Task directions: Pick out every line of the entries below where "Impulse" occurs, and copy those lines.

--------------------------------

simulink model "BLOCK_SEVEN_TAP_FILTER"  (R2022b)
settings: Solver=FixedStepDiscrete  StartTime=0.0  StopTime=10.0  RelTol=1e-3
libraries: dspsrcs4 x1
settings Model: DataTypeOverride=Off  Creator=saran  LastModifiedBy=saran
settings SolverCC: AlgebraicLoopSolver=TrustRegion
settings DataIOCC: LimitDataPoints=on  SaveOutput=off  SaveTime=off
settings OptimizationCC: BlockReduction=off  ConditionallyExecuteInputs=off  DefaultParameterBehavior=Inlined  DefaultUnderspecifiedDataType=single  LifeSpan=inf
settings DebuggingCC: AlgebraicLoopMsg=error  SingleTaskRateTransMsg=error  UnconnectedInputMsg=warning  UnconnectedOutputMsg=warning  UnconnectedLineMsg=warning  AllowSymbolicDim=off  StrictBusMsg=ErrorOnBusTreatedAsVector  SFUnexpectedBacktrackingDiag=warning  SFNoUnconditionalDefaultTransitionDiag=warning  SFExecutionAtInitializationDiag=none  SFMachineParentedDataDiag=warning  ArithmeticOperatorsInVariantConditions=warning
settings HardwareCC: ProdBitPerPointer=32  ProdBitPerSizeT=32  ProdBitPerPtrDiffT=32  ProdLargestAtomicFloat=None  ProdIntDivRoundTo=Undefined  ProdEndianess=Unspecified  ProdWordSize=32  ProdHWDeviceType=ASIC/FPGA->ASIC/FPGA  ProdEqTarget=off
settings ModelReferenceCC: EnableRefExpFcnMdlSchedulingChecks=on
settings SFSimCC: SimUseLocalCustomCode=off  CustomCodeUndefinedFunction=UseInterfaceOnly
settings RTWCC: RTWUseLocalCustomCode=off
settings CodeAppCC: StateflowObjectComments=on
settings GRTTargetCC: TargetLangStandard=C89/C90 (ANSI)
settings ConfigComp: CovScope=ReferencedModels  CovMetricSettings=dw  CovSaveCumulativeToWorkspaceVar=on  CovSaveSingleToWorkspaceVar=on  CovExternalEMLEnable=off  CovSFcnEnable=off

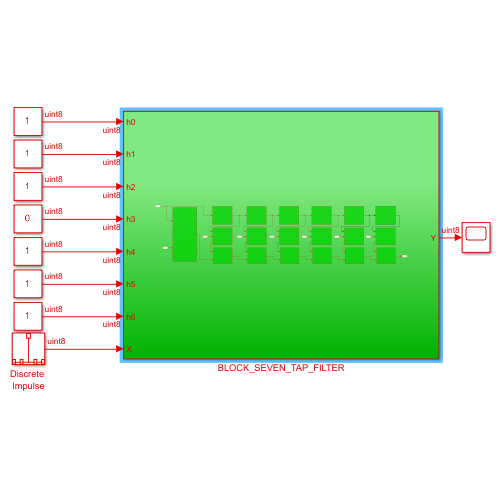
[thumbnail: Simulink's stored preview of the top-level diagram]
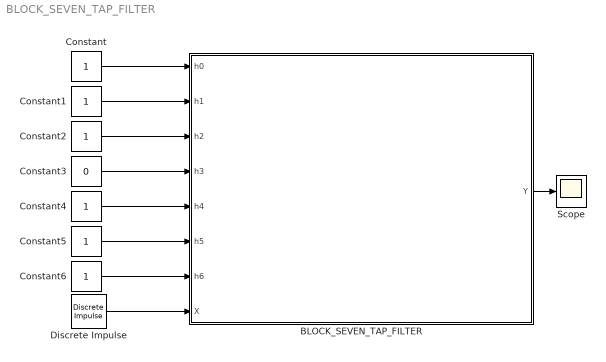
== system BLOCK_SEVEN_TAP_FILTER ==
  BLOCK_SEVEN_TAP_FILTER : Subsystem
  Constant{,1..2,4..6} (6 alike) : Constant  OutDataTypeStr=uint8  SampleTime=1
  Constant3 : Constant  Value=0  OutDataTypeStr=uint8  SampleTime=1
  Discrete Impulse : dspsrcs4/Discrete  Impulse  Delay=0  SampleTime=1  FrameSample=1  OutputFrames=off  dataType=uint8  isSigned=on  wordLen=16  udDataType=sfix(16)  fracBitsMode=Best precision  numFracBits=15  OutDataTypeStr=uint8  LastOutDataTypeStr=uint8
  Scope : Scope
  wires:
  Constant6/1 -> BLOCK_SEVEN_TAP_FILTER/7(h6)
  Constant/1 -> BLOCK_SEVEN_TAP_FILTER/1(h0)
  Constant1/1 -> BLOCK_SEVEN_TAP_FILTER/2(h1)
  Constant2/1 -> BLOCK_SEVEN_TAP_FILTER/3(h2)
  Constant3/1 -> BLOCK_SEVEN_TAP_FILTER/4(h3)
  Constant4/1 -> BLOCK_SEVEN_TAP_FILTER/5(h4)
  Constant5/1 -> BLOCK_SEVEN_TAP_FILTER/6(h5)
  Discrete Impulse/1 -> BLOCK_SEVEN_TAP_FILTER/8(X)
  BLOCK_SEVEN_TAP_FILTER/1(Y) -> Scope/1

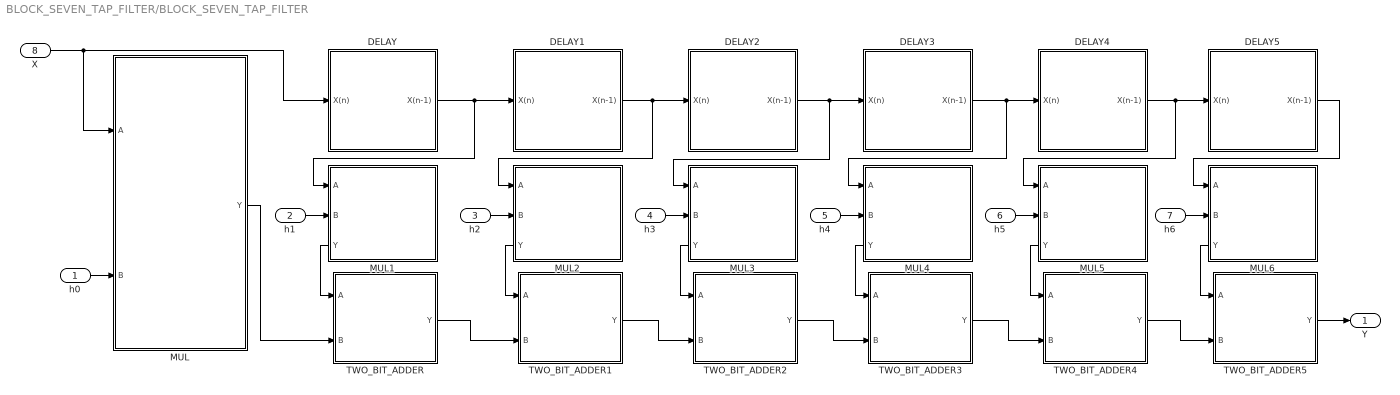
== system BLOCK_SEVEN_TAP_FILTER/BLOCK_SEVEN_TAP_FILTER ==
  h0 : Inport  OutDataTypeStr=uint8  SampleTime=1
  h1 : Inport  Port=2  OutDataTypeStr=uint8  SampleTime=1
  h2 : Inport  Port=3  OutDataTypeStr=uint8  SampleTime=1
  h3 : Inport  Port=4  OutDataTypeStr=uint8  SampleTime=1
  h4 : Inport  Port=5  OutDataTypeStr=uint8  SampleTime=1
  h5 : Inport  Port=6  OutDataTypeStr=uint8  SampleTime=1
  h6 : Inport  Port=7  OutDataTypeStr=uint8  SampleTime=1
  X : Inport  Port=8
  DELAY : Subsystem
  DELAY1 : Subsystem
  DELAY2 : Subsystem
  DELAY3 : Subsystem
  DELAY4 : Subsystem
  DELAY5 : Subsystem
  MUL : Subsystem
  MUL1 : Subsystem
      settings: PortSchema="{\"entries\":[{\"content\":{\"sides\":[{\"content\":{\"connectorIds\":[\"In1\",\"In2\",\"Out1\"]},\"type\":\"ConnectorPlacement.EquallySpacedRectSide\",\"uuid\":\"6d4885f8-73c5-433a-aace-af648e409d6b\"},{\"content\":{\"connectorIds\":[],\"side\":\"RIGHT\"},\"type\":\"ConnectorPlacement.EquallySpacedRectSide\",\"uuid\":\"836fe19b-05d9-46e4-8d72-fd0891ed8906\"},{\"content\":{\"connectorIds\":[],\"side\":\"TOP\"},\"type\":\"ConnectorPlacement.EquallySpacedRectSide\",\"uuid\":\"c1eb711e-365c-41f2-92fe-7283fb1d6e9c\"}]},\"type\":\"ConnectorPlacement.EquallySpacedConnector\",\"uuid\":\"b7c1d480-b729-42dd-8c7b-e0a62792d202\"}],\"packageUris\":[\"http://schema.mathworks.com/mf0/Connector/R2020b\"],\"version\":\"1.0\"}"
  MUL2 : Subsystem
      settings: PortSchema="{\"entries\":[{\"content\":{\"sides\":[{\"content\":{\"connectorIds\":[\"In1\",\"In2\",\"Out1\"]},\"type\":\"ConnectorPlacement.EquallySpacedRectSide\",\"uuid\":\"6d4885f8-73c5-433a-aace-af648e409d6b\"},{\"content\":{\"connectorIds\":[],\"side\":\"RIGHT\"},\"type\":\"ConnectorPlacement.EquallySpacedRectSide\",\"uuid\":\"836fe19b-05d9-46e4-8d72-fd0891ed8906\"},{\"content\":{\"connectorIds\":[],\"side\":\"TOP\"},\"type\":\"ConnectorPlacement.EquallySpacedRectSide\",\"uuid\":\"c1eb711e-365c-41f2-92fe-7283fb1d6e9c\"}]},\"type\":\"ConnectorPlacement.EquallySpacedConnector\",\"uuid\":\"b7c1d480-b729-42dd-8c7b-e0a62792d202\"}],\"packageUris\":[\"http://schema.mathworks.com/mf0/Connector/R2020b\"],\"version\":\"1.0\"}"
  MUL3 : Subsystem
      settings: PortSchema="{\"entries\":[{\"content\":{\"sides\":[{\"content\":{\"connectorIds\":[\"In1\",\"In2\",\"Out1\"]},\"type\":\"ConnectorPlacement.EquallySpacedRectSide\",\"uuid\":\"6d4885f8-73c5-433a-aace-af648e409d6b\"},{\"content\":{\"connectorIds\":[],\"side\":\"RIGHT\"},\"type\":\"ConnectorPlacement.EquallySpacedRectSide\",\"uuid\":\"836fe19b-05d9-46e4-8d72-fd0891ed8906\"},{\"content\":{\"connectorIds\":[],\"side\":\"TOP\"},\"type\":\"ConnectorPlacement.EquallySpacedRectSide\",\"uuid\":\"c1eb711e-365c-41f2-92fe-7283fb1d6e9c\"}]},\"type\":\"ConnectorPlacement.EquallySpacedConnector\",\"uuid\":\"b7c1d480-b729-42dd-8c7b-e0a62792d202\"}],\"packageUris\":[\"http://schema.mathworks.com/mf0/Connector/R2020b\"],\"version\":\"1.0\"}"
  MUL4 : Subsystem
      settings: PortSchema="{\"entries\":[{\"content\":{\"sides\":[{\"content\":{\"connectorIds\":[\"In1\",\"In2\",\"Out1\"]},\"type\":\"ConnectorPlacement.EquallySpacedRectSide\",\"uuid\":\"6d4885f8-73c5-433a-aace-af648e409d6b\"},{\"content\":{\"connectorIds\":[],\"side\":\"RIGHT\"},\"type\":\"ConnectorPlacement.EquallySpacedRectSide\",\"uuid\":\"836fe19b-05d9-46e4-8d72-fd0891ed8906\"},{\"content\":{\"connectorIds\":[],\"side\":\"TOP\"},\"type\":\"ConnectorPlacement.EquallySpacedRectSide\",\"uuid\":\"c1eb711e-365c-41f2-92fe-7283fb1d6e9c\"}]},\"type\":\"ConnectorPlacement.EquallySpacedConnector\",\"uuid\":\"b7c1d480-b729-42dd-8c7b-e0a62792d202\"}],\"packageUris\":[\"http://schema.mathworks.com/mf0/Connector/R2020b\"],\"version\":\"1.0\"}"
  MUL5 : Subsystem
      settings: PortSchema="{\"entries\":[{\"content\":{\"sides\":[{\"content\":{\"connectorIds\":[\"In1\",\"In2\",\"Out1\"]},\"type\":\"ConnectorPlacement.EquallySpacedRectSide\",\"uuid\":\"6d4885f8-73c5-433a-aace-af648e409d6b\"},{\"content\":{\"connectorIds\":[],\"side\":\"RIGHT\"},\"type\":\"ConnectorPlacement.EquallySpacedRectSide\",\"uuid\":\"836fe19b-05d9-46e4-8d72-fd0891ed8906\"},{\"content\":{\"connectorIds\":[],\"side\":\"TOP\"},\"type\":\"ConnectorPlacement.EquallySpacedRectSide\",\"uuid\":\"c1eb711e-365c-41f2-92fe-7283fb1d6e9c\"}]},\"type\":\"ConnectorPlacement.EquallySpacedConnector\",\"uuid\":\"b7c1d480-b729-42dd-8c7b-e0a62792d202\"}],\"packageUris\":[\"http://schema.mathworks.com/mf0/Connector/R2020b\"],\"version\":\"1.0\"}"
  MUL6 : Subsystem
      settings: PortSchema="{\"entries\":[{\"content\":{\"sides\":[{\"content\":{\"connectorIds\":[\"In1\",\"In2\",\"Out1\"]},\"type\":\"ConnectorPlacement.EquallySpacedRectSide\",\"uuid\":\"6d4885f8-73c5-433a-aace-af648e409d6b\"},{\"content\":{\"connectorIds\":[],\"side\":\"RIGHT\"},\"type\":\"ConnectorPlacement.EquallySpacedRectSide\",\"uuid\":\"836fe19b-05d9-46e4-8d72-fd0891ed8906\"},{\"content\":{\"connectorIds\":[],\"side\":\"TOP\"},\"type\":\"ConnectorPlacement.EquallySpacedRectSide\",\"uuid\":\"c1eb711e-365c-41f2-92fe-7283fb1d6e9c\"}]},\"type\":\"ConnectorPlacement.EquallySpacedConnector\",\"uuid\":\"b7c1d480-b729-42dd-8c7b-e0a62792d202\"}],\"packageUris\":[\"http://schema.mathworks.com/mf0/Connector/R2020b\"],\"version\":\"1.0\"}"
  TWO_BIT_ADDER : Subsystem
  TWO_BIT_ADDER1 : Subsystem
  TWO_BIT_ADDER2 : Subsystem
  TWO_BIT_ADDER3 : Subsystem
  TWO_BIT_ADDER4 : Subsystem
  TWO_BIT_ADDER5 : Subsystem
  Y : Outport  VectorParamsAs1DForOutWhenUnconnected=off
  wires:
  h1/1 -> MUL1/2(B)
  MUL1/1(Y) -> TWO_BIT_ADDER/1(A)
  MUL2/1(Y) -> TWO_BIT_ADDER1/1(A)
  h2/1 -> MUL2/2(B)
  MUL3/1(Y) -> TWO_BIT_ADDER2/1(A)
  h3/1 -> MUL3/2(B)
  MUL4/1(Y) -> TWO_BIT_ADDER3/1(A)
  h4/1 -> MUL4/2(B)
  MUL5/1(Y) -> TWO_BIT_ADDER4/1(A)
  h5/1 -> MUL5/2(B)
  MUL6/1(Y) -> TWO_BIT_ADDER5/1(A)
  h6/1 -> MUL6/2(B)
  MUL/1(Y) -> TWO_BIT_ADDER/2(B)
  DELAY/1(X(n-1)) -> MUL1/1(A), DELAY1/1(X(n))
  TWO_BIT_ADDER/1(Y) -> TWO_BIT_ADDER1/2(B)
  DELAY1/1(X(n-1)) -> DELAY2/1(X(n)), MUL2/1(A)
  DELAY2/1(X(n-1)) -> MUL3/1(A), DELAY3/1(X(n))
  DELAY3/1(X(n-1)) -> MUL4/1(A), DELAY4/1(X(n))
  TWO_BIT_ADDER1/1(Y) -> TWO_BIT_ADDER2/2(B)
  TWO_BIT_ADDER2/1(Y) -> TWO_BIT_ADDER3/2(B)
  TWO_BIT_ADDER3/1(Y) -> TWO_BIT_ADDER4/2(B)
  TWO_BIT_ADDER4/1(Y) -> TWO_BIT_ADDER5/2(B)
  X/1 -> DELAY/1(X(n)), MUL/1(A)
  h0/1 -> MUL/2(B)
  TWO_BIT_ADDER5/1(Y) -> Y/1
  DELAY4/1(X(n-1)) -> MUL5/1(A), DELAY5/1(X(n))
  DELAY5/1(X(n-1)) -> MUL6/1(A)

== system BLOCK_SEVEN_TAP_FILTER/BLOCK_SEVEN_TAP_FILTER/DELAY ==
  X(n) : Inport  OutDataTypeStr=uint8  SampleTime=1  LockScale=on
  Delay : Delay  DelayLength=1  InitialCondition=0
  X(n-1) : Outport  OutDataTypeStr=uint8  SampleTime=1  VectorParamsAs1DForOutWhenUnconnected=off  LockScale=on
  wires:
  X(n)/1 -> Delay/1
  Delay/1 -> X(n-1)/1

== system BLOCK_SEVEN_TAP_FILTER/BLOCK_SEVEN_TAP_FILTER/DELAY1 ==
  X(n) : Inport  OutDataTypeStr=uint8  SampleTime=1  LockScale=on
  Delay : Delay  DelayLength=1  InitialCondition=0
  X(n-1) : Outport  OutDataTypeStr=uint8  SampleTime=1  VectorParamsAs1DForOutWhenUnconnected=off  LockScale=on
  wires:
  X(n)/1 -> Delay/1
  Delay/1 -> X(n-1)/1

== system BLOCK_SEVEN_TAP_FILTER/BLOCK_SEVEN_TAP_FILTER/DELAY2 ==
  X(n) : Inport  OutDataTypeStr=uint8  SampleTime=1  LockScale=on
  Delay : Delay  DelayLength=1  InitialCondition=0
  X(n-1) : Outport  OutDataTypeStr=uint8  SampleTime=1  VectorParamsAs1DForOutWhenUnconnected=off  LockScale=on
  wires:
  X(n)/1 -> Delay/1
  Delay/1 -> X(n-1)/1

== system BLOCK_SEVEN_TAP_FILTER/BLOCK_SEVEN_TAP_FILTER/DELAY3 ==
  X(n) : Inport  OutDataTypeStr=uint8  SampleTime=1  LockScale=on
  Delay : Delay  DelayLength=1  InitialCondition=0
  X(n-1) : Outport  OutDataTypeStr=uint8  SampleTime=1  VectorParamsAs1DForOutWhenUnconnected=off  LockScale=on
  wires:
  X(n)/1 -> Delay/1
  Delay/1 -> X(n-1)/1

== system BLOCK_SEVEN_TAP_FILTER/BLOCK_SEVEN_TAP_FILTER/DELAY4 ==
  X(n) : Inport  OutDataTypeStr=uint8  SampleTime=1  LockScale=on
  Delay : Delay  DelayLength=1  InitialCondition=0
  X(n-1) : Outport  OutDataTypeStr=uint8  SampleTime=1  VectorParamsAs1DForOutWhenUnconnected=off  LockScale=on
  wires:
  X(n)/1 -> Delay/1
  Delay/1 -> X(n-1)/1

== system BLOCK_SEVEN_TAP_FILTER/BLOCK_SEVEN_TAP_FILTER/DELAY5 ==
  X(n) : Inport  OutDataTypeStr=uint8  SampleTime=1  LockScale=on
  Delay : Delay  DelayLength=1  InitialCondition=0
  X(n-1) : Outport  OutDataTypeStr=uint8  SampleTime=1  VectorParamsAs1DForOutWhenUnconnected=off  LockScale=on
  wires:
  X(n)/1 -> Delay/1
  Delay/1 -> X(n-1)/1

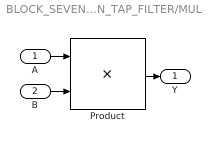
== system BLOCK_SEVEN_TAP_FILTER/BLOCK_SEVEN_TAP_FILTER/MUL ==
  A : Inport  OutDataTypeStr=uint8  SampleTime=1
  B : Inport  Port=2  OutDataTypeStr=uint8  SampleTime=1
  Product : Product  OutDataTypeStr=uint8  LockScale=on
  Y : Outport  OutDataTypeStr=uint8  SampleTime=1  VectorParamsAs1DForOutWhenUnconnected=off
  wires:
  A/1 -> Product/1
  Product/1 -> Y/1
  B/1 -> Product/2

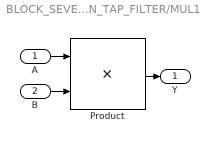
== system BLOCK_SEVEN_TAP_FILTER/BLOCK_SEVEN_TAP_FILTER/MUL1 ==
  A : Inport  OutDataTypeStr=uint8  SampleTime=1
  B : Inport  Port=2  OutDataTypeStr=uint8  SampleTime=1
  Product : Product  OutDataTypeStr=uint8  LockScale=on
  Y : Outport  OutDataTypeStr=uint8  SampleTime=1  VectorParamsAs1DForOutWhenUnconnected=off
  wires:
  A/1 -> Product/1
  Product/1 -> Y/1
  B/1 -> Product/2

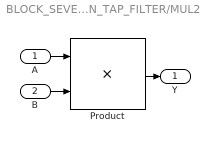
== system BLOCK_SEVEN_TAP_FILTER/BLOCK_SEVEN_TAP_FILTER/MUL2 ==
  A : Inport  OutDataTypeStr=uint8  SampleTime=1
  B : Inport  Port=2  OutDataTypeStr=uint8  SampleTime=1
  Product : Product  OutDataTypeStr=uint8  LockScale=on
  Y : Outport  OutDataTypeStr=uint8  SampleTime=1  VectorParamsAs1DForOutWhenUnconnected=off
  wires:
  A/1 -> Product/1
  Product/1 -> Y/1
  B/1 -> Product/2

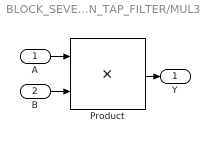
== system BLOCK_SEVEN_TAP_FILTER/BLOCK_SEVEN_TAP_FILTER/MUL3 ==
  A : Inport  OutDataTypeStr=uint8  SampleTime=1
  B : Inport  Port=2  OutDataTypeStr=uint8  SampleTime=1
  Product : Product  OutDataTypeStr=uint8  LockScale=on
  Y : Outport  OutDataTypeStr=uint8  SampleTime=1  VectorParamsAs1DForOutWhenUnconnected=off
  wires:
  A/1 -> Product/1
  Product/1 -> Y/1
  B/1 -> Product/2

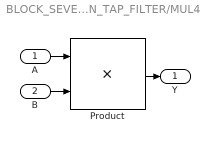
== system BLOCK_SEVEN_TAP_FILTER/BLOCK_SEVEN_TAP_FILTER/MUL4 ==
  A : Inport  OutDataTypeStr=uint8  SampleTime=1
  B : Inport  Port=2  OutDataTypeStr=uint8  SampleTime=1
  Product : Product  OutDataTypeStr=uint8  LockScale=on
  Y : Outport  OutDataTypeStr=uint8  SampleTime=1  VectorParamsAs1DForOutWhenUnconnected=off
  wires:
  A/1 -> Product/1
  Product/1 -> Y/1
  B/1 -> Product/2

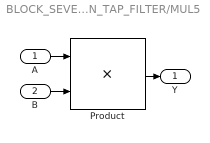
== system BLOCK_SEVEN_TAP_FILTER/BLOCK_SEVEN_TAP_FILTER/MUL5 ==
  A : Inport  OutDataTypeStr=uint8  SampleTime=1
  B : Inport  Port=2  OutDataTypeStr=uint8  SampleTime=1
  Product : Product  OutDataTypeStr=uint8  LockScale=on
  Y : Outport  OutDataTypeStr=uint8  SampleTime=1  VectorParamsAs1DForOutWhenUnconnected=off
  wires:
  A/1 -> Product/1
  Product/1 -> Y/1
  B/1 -> Product/2

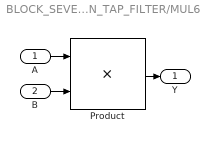
== system BLOCK_SEVEN_TAP_FILTER/BLOCK_SEVEN_TAP_FILTER/MUL6 ==
  A : Inport  OutDataTypeStr=uint8  SampleTime=1
  B : Inport  Port=2  OutDataTypeStr=uint8  SampleTime=1
  Product : Product  OutDataTypeStr=uint8  LockScale=on
  Y : Outport  OutDataTypeStr=uint8  SampleTime=1  VectorParamsAs1DForOutWhenUnconnected=off
  wires:
  A/1 -> Product/1
  Product/1 -> Y/1
  B/1 -> Product/2

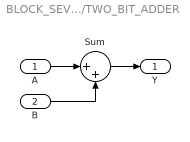
== system BLOCK_SEVEN_TAP_FILTER/BLOCK_SEVEN_TAP_FILTER/TWO_BIT_ADDER ==
  A : Inport  OutDataTypeStr=uint8
  B : Inport  Port=2  OutDataTypeStr=uint8  SampleTime=1
  Sum : Sum  Inputs=|++  OutDataTypeStr=uint8  LockScale=on
  Y : Outport  OutDataTypeStr=uint8  SampleTime=1  VectorParamsAs1DForOutWhenUnconnected=off
  wires:
  Sum/1 -> Y/1
  A/1 -> Sum/1
  B/1 -> Sum/2

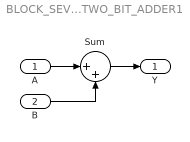
== system BLOCK_SEVEN_TAP_FILTER/BLOCK_SEVEN_TAP_FILTER/TWO_BIT_ADDER1 ==
  A : Inport  OutDataTypeStr=uint8
  B : Inport  Port=2  OutDataTypeStr=uint8  SampleTime=1
  Sum : Sum  Inputs=|++  OutDataTypeStr=uint8  LockScale=on
  Y : Outport  OutDataTypeStr=uint8  SampleTime=1  VectorParamsAs1DForOutWhenUnconnected=off
  wires:
  Sum/1 -> Y/1
  A/1 -> Sum/1
  B/1 -> Sum/2

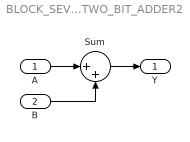
== system BLOCK_SEVEN_TAP_FILTER/BLOCK_SEVEN_TAP_FILTER/TWO_BIT_ADDER2 ==
  A : Inport  OutDataTypeStr=uint8
  B : Inport  Port=2  OutDataTypeStr=uint8  SampleTime=1
  Sum : Sum  Inputs=|++  OutDataTypeStr=uint8  LockScale=on
  Y : Outport  OutDataTypeStr=uint8  SampleTime=1  VectorParamsAs1DForOutWhenUnconnected=off
  wires:
  Sum/1 -> Y/1
  A/1 -> Sum/1
  B/1 -> Sum/2

== system BLOCK_SEVEN_TAP_FILTER/BLOCK_SEVEN_TAP_FILTER/TWO_BIT_ADDER3 ==
  A : Inport  OutDataTypeStr=uint8
  B : Inport  Port=2  OutDataTypeStr=uint8  SampleTime=1
  Sum : Sum  Inputs=|++  OutDataTypeStr=uint8  LockScale=on
  Y : Outport  OutDataTypeStr=uint8  SampleTime=1  VectorParamsAs1DForOutWhenUnconnected=off
  wires:
  Sum/1 -> Y/1
  A/1 -> Sum/1
  B/1 -> Sum/2

== system BLOCK_SEVEN_TAP_FILTER/BLOCK_SEVEN_TAP_FILTER/TWO_BIT_ADDER4 ==
  A : Inport  OutDataTypeStr=uint8
  B : Inport  Port=2  OutDataTypeStr=uint8  SampleTime=1
  Sum : Sum  Inputs=|++  OutDataTypeStr=uint8  LockScale=on
  Y : Outport  OutDataTypeStr=uint8  SampleTime=1  VectorParamsAs1DForOutWhenUnconnected=off
  wires:
  Sum/1 -> Y/1
  A/1 -> Sum/1
  B/1 -> Sum/2

== system BLOCK_SEVEN_TAP_FILTER/BLOCK_SEVEN_TAP_FILTER/TWO_BIT_ADDER5 ==
  A : Inport  OutDataTypeStr=uint8
  B : Inport  Port=2  OutDataTypeStr=uint8  SampleTime=1
  Sum : Sum  Inputs=|++  OutDataTypeStr=uint8  LockScale=on
  Y : Outport  OutDataTypeStr=uint8  SampleTime=1  VectorParamsAs1DForOutWhenUnconnected=off
  wires:
  Sum/1 -> Y/1
  A/1 -> Sum/1
  B/1 -> Sum/2

--------------------------------

Task result:
  Discrete Impulse : dspsrcs4/Discrete  Impulse  Delay=0  SampleTime=1  FrameSample=1  OutputFrames=off  dataType=uint8  isSigned=on  wordLen=16  udDataType=sfix(16)  fracBitsMode=Best precision  numFracBits=15  OutDataTypeStr=uint8  LastOutDataTypeStr=uint8
  Discrete Impulse/1 -> BLOCK_SEVEN_TAP_FILTER/8(X)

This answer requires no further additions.